Data for this task
==*==

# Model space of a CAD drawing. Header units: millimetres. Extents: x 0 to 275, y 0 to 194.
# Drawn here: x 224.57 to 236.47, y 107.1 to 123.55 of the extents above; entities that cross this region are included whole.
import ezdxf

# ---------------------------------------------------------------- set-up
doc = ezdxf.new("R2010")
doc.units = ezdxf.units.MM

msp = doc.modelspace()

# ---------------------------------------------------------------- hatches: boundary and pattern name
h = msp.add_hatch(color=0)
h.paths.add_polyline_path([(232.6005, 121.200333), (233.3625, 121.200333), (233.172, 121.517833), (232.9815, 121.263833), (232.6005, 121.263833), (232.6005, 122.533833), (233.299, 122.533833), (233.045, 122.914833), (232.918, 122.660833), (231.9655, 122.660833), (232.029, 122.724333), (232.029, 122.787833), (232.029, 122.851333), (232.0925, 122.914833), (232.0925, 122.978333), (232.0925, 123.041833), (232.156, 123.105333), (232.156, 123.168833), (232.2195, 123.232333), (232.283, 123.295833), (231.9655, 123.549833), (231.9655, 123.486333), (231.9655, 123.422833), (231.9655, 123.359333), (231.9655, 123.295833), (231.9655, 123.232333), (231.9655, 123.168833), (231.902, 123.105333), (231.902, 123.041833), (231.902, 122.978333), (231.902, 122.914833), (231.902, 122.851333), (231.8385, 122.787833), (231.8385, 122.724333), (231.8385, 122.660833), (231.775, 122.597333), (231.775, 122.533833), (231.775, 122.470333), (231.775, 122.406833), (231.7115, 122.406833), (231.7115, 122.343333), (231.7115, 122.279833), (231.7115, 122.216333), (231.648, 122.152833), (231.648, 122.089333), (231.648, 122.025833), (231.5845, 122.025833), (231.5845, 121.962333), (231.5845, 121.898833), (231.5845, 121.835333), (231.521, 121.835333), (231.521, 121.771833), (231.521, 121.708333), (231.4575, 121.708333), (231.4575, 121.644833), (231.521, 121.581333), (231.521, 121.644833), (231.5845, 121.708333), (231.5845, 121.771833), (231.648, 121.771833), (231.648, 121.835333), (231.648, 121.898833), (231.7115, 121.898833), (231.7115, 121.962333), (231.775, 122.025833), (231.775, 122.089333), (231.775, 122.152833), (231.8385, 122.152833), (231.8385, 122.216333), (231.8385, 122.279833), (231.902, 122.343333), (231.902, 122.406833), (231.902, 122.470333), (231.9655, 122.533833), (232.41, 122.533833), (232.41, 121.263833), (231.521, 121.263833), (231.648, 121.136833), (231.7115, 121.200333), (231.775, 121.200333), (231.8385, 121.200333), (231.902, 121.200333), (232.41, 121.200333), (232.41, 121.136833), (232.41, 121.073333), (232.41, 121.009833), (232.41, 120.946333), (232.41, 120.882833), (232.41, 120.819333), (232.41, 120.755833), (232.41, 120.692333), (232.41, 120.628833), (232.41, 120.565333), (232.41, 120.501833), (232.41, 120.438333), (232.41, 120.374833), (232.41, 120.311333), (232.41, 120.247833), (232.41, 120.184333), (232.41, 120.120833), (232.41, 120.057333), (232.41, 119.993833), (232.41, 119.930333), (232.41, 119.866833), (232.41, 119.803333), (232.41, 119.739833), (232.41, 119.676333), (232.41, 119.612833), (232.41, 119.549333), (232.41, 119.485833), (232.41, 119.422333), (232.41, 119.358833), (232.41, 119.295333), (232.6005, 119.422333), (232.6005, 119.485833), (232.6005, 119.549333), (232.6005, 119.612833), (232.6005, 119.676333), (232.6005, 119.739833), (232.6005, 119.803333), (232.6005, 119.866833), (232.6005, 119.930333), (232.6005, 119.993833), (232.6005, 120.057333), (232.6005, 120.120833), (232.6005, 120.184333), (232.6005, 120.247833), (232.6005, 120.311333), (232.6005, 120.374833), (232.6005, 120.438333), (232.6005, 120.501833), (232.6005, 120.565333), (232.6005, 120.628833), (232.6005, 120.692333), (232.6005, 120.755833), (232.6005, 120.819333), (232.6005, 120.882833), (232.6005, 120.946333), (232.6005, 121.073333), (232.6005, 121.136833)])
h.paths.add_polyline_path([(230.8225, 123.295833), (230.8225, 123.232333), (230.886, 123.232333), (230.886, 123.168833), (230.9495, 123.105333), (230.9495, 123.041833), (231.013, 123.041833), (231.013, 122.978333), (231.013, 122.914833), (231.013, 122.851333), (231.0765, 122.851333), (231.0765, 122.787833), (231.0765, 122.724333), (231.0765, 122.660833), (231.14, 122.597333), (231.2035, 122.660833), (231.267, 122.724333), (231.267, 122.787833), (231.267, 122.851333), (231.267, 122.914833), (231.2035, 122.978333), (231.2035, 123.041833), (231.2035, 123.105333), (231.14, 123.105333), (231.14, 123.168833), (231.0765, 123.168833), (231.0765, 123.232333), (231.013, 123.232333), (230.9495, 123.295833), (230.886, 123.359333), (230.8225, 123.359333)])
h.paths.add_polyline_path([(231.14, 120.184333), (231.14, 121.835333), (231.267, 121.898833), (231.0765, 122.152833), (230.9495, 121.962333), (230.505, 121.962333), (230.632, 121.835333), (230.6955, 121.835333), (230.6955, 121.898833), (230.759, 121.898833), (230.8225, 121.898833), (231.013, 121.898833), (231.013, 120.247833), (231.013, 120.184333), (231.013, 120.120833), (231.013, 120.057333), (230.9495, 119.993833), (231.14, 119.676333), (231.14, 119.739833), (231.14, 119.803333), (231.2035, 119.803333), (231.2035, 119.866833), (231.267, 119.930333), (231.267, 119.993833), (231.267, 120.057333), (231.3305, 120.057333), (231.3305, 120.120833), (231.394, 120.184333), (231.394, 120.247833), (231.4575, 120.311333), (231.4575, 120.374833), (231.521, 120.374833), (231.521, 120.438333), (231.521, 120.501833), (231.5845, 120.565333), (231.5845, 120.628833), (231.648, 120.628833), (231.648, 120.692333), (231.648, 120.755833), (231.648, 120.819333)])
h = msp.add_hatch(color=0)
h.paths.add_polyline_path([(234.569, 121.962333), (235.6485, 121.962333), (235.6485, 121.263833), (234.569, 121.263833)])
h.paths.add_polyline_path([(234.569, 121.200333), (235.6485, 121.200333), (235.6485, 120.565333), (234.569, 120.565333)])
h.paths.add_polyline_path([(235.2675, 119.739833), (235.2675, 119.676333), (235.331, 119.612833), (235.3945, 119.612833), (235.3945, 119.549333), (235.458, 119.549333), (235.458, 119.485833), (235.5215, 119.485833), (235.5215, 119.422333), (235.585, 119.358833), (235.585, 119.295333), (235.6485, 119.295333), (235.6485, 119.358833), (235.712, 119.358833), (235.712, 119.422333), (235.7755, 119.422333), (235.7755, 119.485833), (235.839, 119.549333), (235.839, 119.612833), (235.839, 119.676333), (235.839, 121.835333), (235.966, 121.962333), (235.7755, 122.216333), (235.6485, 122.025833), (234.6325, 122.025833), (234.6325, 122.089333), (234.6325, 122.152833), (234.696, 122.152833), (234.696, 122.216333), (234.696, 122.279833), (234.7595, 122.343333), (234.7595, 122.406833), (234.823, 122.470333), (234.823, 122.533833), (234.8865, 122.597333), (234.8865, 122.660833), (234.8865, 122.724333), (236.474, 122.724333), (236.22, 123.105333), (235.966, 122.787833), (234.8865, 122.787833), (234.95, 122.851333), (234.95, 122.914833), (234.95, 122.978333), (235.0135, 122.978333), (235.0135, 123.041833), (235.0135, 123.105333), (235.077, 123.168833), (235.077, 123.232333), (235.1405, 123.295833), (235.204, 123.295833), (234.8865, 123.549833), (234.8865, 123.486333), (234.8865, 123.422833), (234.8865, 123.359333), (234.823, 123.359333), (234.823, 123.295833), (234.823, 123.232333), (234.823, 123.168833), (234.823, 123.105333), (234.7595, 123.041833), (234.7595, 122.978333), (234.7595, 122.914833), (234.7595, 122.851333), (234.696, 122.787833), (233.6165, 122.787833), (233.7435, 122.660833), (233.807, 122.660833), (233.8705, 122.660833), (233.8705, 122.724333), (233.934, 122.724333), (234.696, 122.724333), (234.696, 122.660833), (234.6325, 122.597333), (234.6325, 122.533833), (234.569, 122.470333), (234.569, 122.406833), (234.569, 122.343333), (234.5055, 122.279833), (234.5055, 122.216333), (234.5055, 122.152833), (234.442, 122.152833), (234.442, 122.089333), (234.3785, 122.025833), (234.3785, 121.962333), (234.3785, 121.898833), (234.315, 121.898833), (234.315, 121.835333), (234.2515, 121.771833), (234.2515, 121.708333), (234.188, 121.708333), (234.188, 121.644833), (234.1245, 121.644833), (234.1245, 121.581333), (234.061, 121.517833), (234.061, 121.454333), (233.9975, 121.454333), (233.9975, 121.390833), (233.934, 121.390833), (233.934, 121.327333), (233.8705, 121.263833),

==*==

To do
What lines in the material above contain the word "units"? Copy them out.

Response for this exercise
# Model space of a CAD drawing. Header units: millimetres. Extents: x 0 to 275, y 0 to 194.
doc.units = ezdxf.units.MM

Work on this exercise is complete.